§ WORK REQUEST:
Could you transcribe each entry below exactly, minus the images?

———

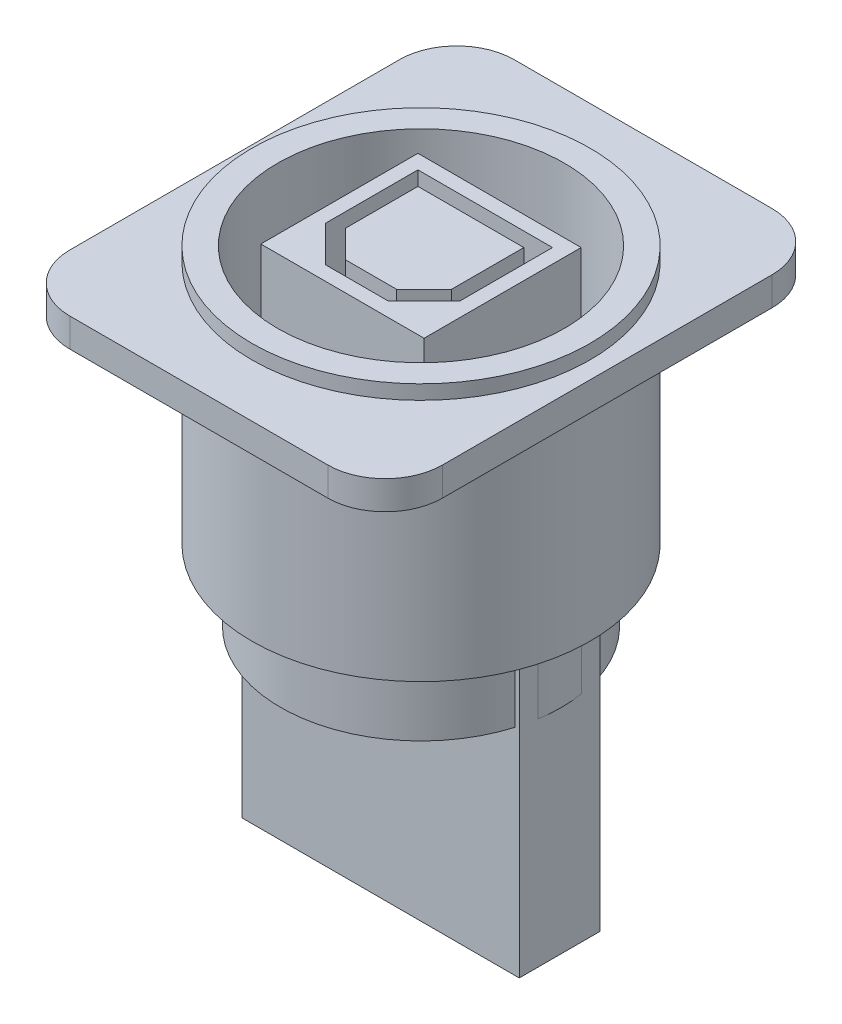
from build123d import *

# Parameters (mm, degrees)
CROQUIS1_R              = 11.8
SALIENTE_EXTRUIR1_DEPTH = 18
SALIENTE_EXTRUIR2_START = -3
CROQUIS2_W              = 26
CROQUIS2_H              = 31
SALIENTE_EXTRUIR2_DEPTH = 2
REDONDEO1_R             = 4
CROQUIS3_R              = 10
CORTAR_EXTRUIR1_DEPTH   = 10
CROQUIS4_W              = 11.3899408
CROQUIS4_H              = 10.96281802
SALIENTE_EXTRUIR3_DEPTH = 10
CROQUIS5_W              = 9.3899408
CROQUIS5_H              = 8.96281802
CORTAR_EXTRUIR2_DEPTH   = 10
CHAFL_N1_SIZE           = 2.5
SALIENTE_EXTRUIR4_DEPTH = 10
CROQUIS7_W              = 19.362899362
CROQUIS7_H              = 5.647512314
SALIENTE_EXTRUIR5_DEPTH = 20
CROQUIS8_R              = 9.8
SALIENTE_EXTRUIR6_DEPTH = 5
CROQUIS9_W              = 17.844240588
CROQUIS9_H              = 3.416982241
CORTAR_EXTRUIR3_DEPTH   = 10


with BuildPart() as part:
    # Croquis1 → Saliente-Extruir1 (new body)
    with BuildSketch(Plane(origin=(0, 0, 0), x_dir=(1, 0, 0), z_dir=(0, 1, 0))):
        with Locations(Location((0, 0, 0), (0, 0, 270))):
            Circle(CROQUIS1_R)
    extrude(amount=SALIENTE_EXTRUIR1_DEPTH)

    # Croquis2 → Saliente-Extruir2 (add)
    with BuildSketch(Plane(origin=(0, 18, 0), x_dir=(1, 0, 0), z_dir=(0, 1, 0)).offset(SALIENTE_EXTRUIR2_START)):
        Rectangle(CROQUIS2_W, CROQUIS2_H)
    extrude(amount=SALIENTE_EXTRUIR2_DEPTH)

    # Redondeo1
    redondeo1_edges = [part.edges().sort_by_distance(p)[0] for p in [
        (13, 16, -15.5),
        (-13, 16, -15.5),
        (-13, 16, 15.5),
        (13, 16, 15.5),
    ]]
    fillet(redondeo1_edges, radius=REDONDEO1_R)

    # Croquis3 → Cortar-Extruir1 (cut)
    with BuildSketch(Plane(origin=(0, 18, 0), x_dir=(1, 0, 0), z_dir=(0, 1, 0))):
        with Locations(Location((0, 0, 0), (0, 0, 270))):
            Circle(CROQUIS3_R)
    extrude(amount=-CORTAR_EXTRUIR1_DEPTH, mode=Mode.SUBTRACT)

    # Croquis4 → Saliente-Extruir3 (add)
    with BuildSketch(Plane(origin=(0, 8, 0), x_dir=(1, 0, 0), z_dir=(0, 1, 0))):
        Rectangle(CROQUIS4_W, CROQUIS4_H)
    extrude(amount=SALIENTE_EXTRUIR3_DEPTH)

    # Croquis5 → Cortar-Extruir2 (cut)
    with BuildSketch(Plane(origin=(0, 18, 0), x_dir=(1, 0, 0), z_dir=(0, 1, 0))):
        Rectangle(CROQUIS5_W, CROQUIS5_H)
    extrude(amount=-CORTAR_EXTRUIR2_DEPTH, mode=Mode.SUBTRACT)

    # Chafl_n1
    chafl_n1_edges = [part.edges().sort_by_distance(p)[0] for p in [
        (4.6949704, 13, 4.48140901),
        (-4.6949704, 13, 4.48140901),
    ]]
    chamfer(chafl_n1_edges, length=CHAFL_N1_SIZE)

    # Croquis6 → Saliente-Extruir4 (add)
    with BuildSketch(Plane(origin=(0, 8, 0), x_dir=(1, 0, 0), z_dir=(0, 1, 0))):
        Polygon((-1.780756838, -3.48140901), (1.780756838, -3.48140901), (3.6949704, -1.567195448), (3.6949704, 3.48140901), (-3.6949704, 3.48140901), (-3.6949704, -1.567195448), align=None)
    extrude(amount=SALIENTE_EXTRUIR4_DEPTH)

    # Croquis7 → Saliente-Extruir5 (add)
    with BuildSketch(Plane.XZ):
        Rectangle(CROQUIS7_W, CROQUIS7_H)
    extrude(amount=SALIENTE_EXTRUIR5_DEPTH)

    # Croquis8 → Saliente-Extruir6 (add)
    with BuildSketch(Plane.XZ):
        Circle(CROQUIS8_R)
    extrude(amount=SALIENTE_EXTRUIR6_DEPTH)

    # Croquis9 → Cortar-Extruir3 (cut)
    with BuildSketch(Plane.XZ.offset(20)):
        with Locations((0, 0.450851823)):
            Rectangle(CROQUIS9_W, CROQUIS9_H)
    extrude(amount=-CORTAR_EXTRUIR3_DEPTH, mode=Mode.SUBTRACT)


solid = part.part

———

§ FINAL ANSWER:
from build123d import *

# Parameters (mm, degrees)
CROQUIS1_R              = 11.8
SALIENTE_EXTRUIR1_DEPTH = 18
SALIENTE_EXTRUIR2_START = -3
CROQUIS2_W              = 26
CROQUIS2_H              = 31
SALIENTE_EXTRUIR2_DEPTH = 2
REDONDEO1_R             = 4
CROQUIS3_R              = 10
CORTAR_EXTRUIR1_DEPTH   = 10
CROQUIS4_W              = 11.3899408
CROQUIS4_H              = 10.96281802
SALIENTE_EXTRUIR3_DEPTH = 10
CROQUIS5_W              = 9.3899408
CROQUIS5_H              = 8.96281802
CORTAR_EXTRUIR2_DEPTH   = 10
CHAFL_N1_SIZE           = 2.5
SALIENTE_EXTRUIR4_DEPTH = 10
CROQUIS7_W              = 19.362899362
CROQUIS7_H              = 5.647512314
SALIENTE_EXTRUIR5_DEPTH = 20
CROQUIS8_R              = 9.8
SALIENTE_EXTRUIR6_DEPTH = 5
CROQUIS9_W              = 17.844240588
CROQUIS9_H              = 3.416982241
CORTAR_EXTRUIR3_DEPTH   = 10


with BuildPart() as part:
    # Croquis1 → Saliente-Extruir1 (new body)
    with BuildSketch(Plane(origin=(0, 0, 0), x_dir=(1, 0, 0), z_dir=(0, 1, 0))):
        with Locations(Location((0, 0, 0), (0, 0, 270))):
            Circle(CROQUIS1_R)
    extrude(amount=SALIENTE_EXTRUIR1_DEPTH)

    # Croquis2 → Saliente-Extruir2 (add)
    with BuildSketch(Plane(origin=(0, 18, 0), x_dir=(1, 0, 0), z_dir=(0, 1, 0)).offset(SALIENTE_EXTRUIR2_START)):
        Rectangle(CROQUIS2_W, CROQUIS2_H)
    extrude(amount=SALIENTE_EXTRUIR2_DEPTH)

    # Redondeo1
    redondeo1_edges = [part.edges().sort_by_distance(p)[0] for p in [
        (13, 16, -15.5),
        (-13, 16, -15.5),
        (-13, 16, 15.5),
        (13, 16, 15.5),
    ]]
    fillet(redondeo1_edges, radius=REDONDEO1_R)

    # Croquis3 → Cortar-Extruir1 (cut)
    with BuildSketch(Plane(origin=(0, 18, 0), x_dir=(1, 0, 0), z_dir=(0, 1, 0))):
        with Locations(Location((0, 0, 0), (0, 0, 270))):
            Circle(CROQUIS3_R)
    extrude(amount=-CORTAR_EXTRUIR1_DEPTH, mode=Mode.SUBTRACT)

    # Croquis4 → Saliente-Extruir3 (add)
    with BuildSketch(Plane(origin=(0, 8, 0), x_dir=(1, 0, 0), z_dir=(0, 1, 0))):
        Rectangle(CROQUIS4_W, CROQUIS4_H)
    extrude(amount=SALIENTE_EXTRUIR3_DEPTH)

    # Croquis5 → Cortar-Extruir2 (cut)
    with BuildSketch(Plane(origin=(0, 18, 0), x_dir=(1, 0, 0), z_dir=(0, 1, 0))):
        Rectangle(CROQUIS5_W, CROQUIS5_H)
    extrude(amount=-CORTAR_EXTRUIR2_DEPTH, mode=Mode.SUBTRACT)

    # Chafl_n1
    chafl_n1_edges = [part.edges().sort_by_distance(p)[0] for p in [
        (4.6949704, 13, 4.48140901),
        (-4.6949704, 13, 4.48140901),
    ]]
    chamfer(chafl_n1_edges, length=CHAFL_N1_SIZE)

    # Croquis6 → Saliente-Extruir4 (add)
    with BuildSketch(Plane(origin=(0, 8, 0), x_dir=(1, 0, 0), z_dir=(0, 1, 0))):
        Polygon((-1.780756838, -3.48140901), (1.780756838, -3.48140901), (3.6949704, -1.567195448), (3.6949704, 3.48140901), (-3.6949704, 3.48140901), (-3.6949704, -1.567195448), align=None)
    extrude(amount=SALIENTE_EXTRUIR4_DEPTH)

    # Croquis7 → Saliente-Extruir5 (add)
    with BuildSketch(Plane.XZ):
        Rectangle(CROQUIS7_W, CROQUIS7_H)
    extrude(amount=SALIENTE_EXTRUIR5_DEPTH)

    # Croquis8 → Saliente-Extruir6 (add)
    with BuildSketch(Plane.XZ):
        Circle(CROQUIS8_R)
    extrude(amount=SALIENTE_EXTRUIR6_DEPTH)

    # Croquis9 → Cortar-Extruir3 (cut)
    with BuildSketch(Plane.XZ.offset(20)):
        with Locations((0, 0.450851823)):
            Rectangle(CROQUIS9_W, CROQUIS9_H)
    extrude(amount=-CORTAR_EXTRUIR3_DEPTH, mode=Mode.SUBTRACT)


solid = part.part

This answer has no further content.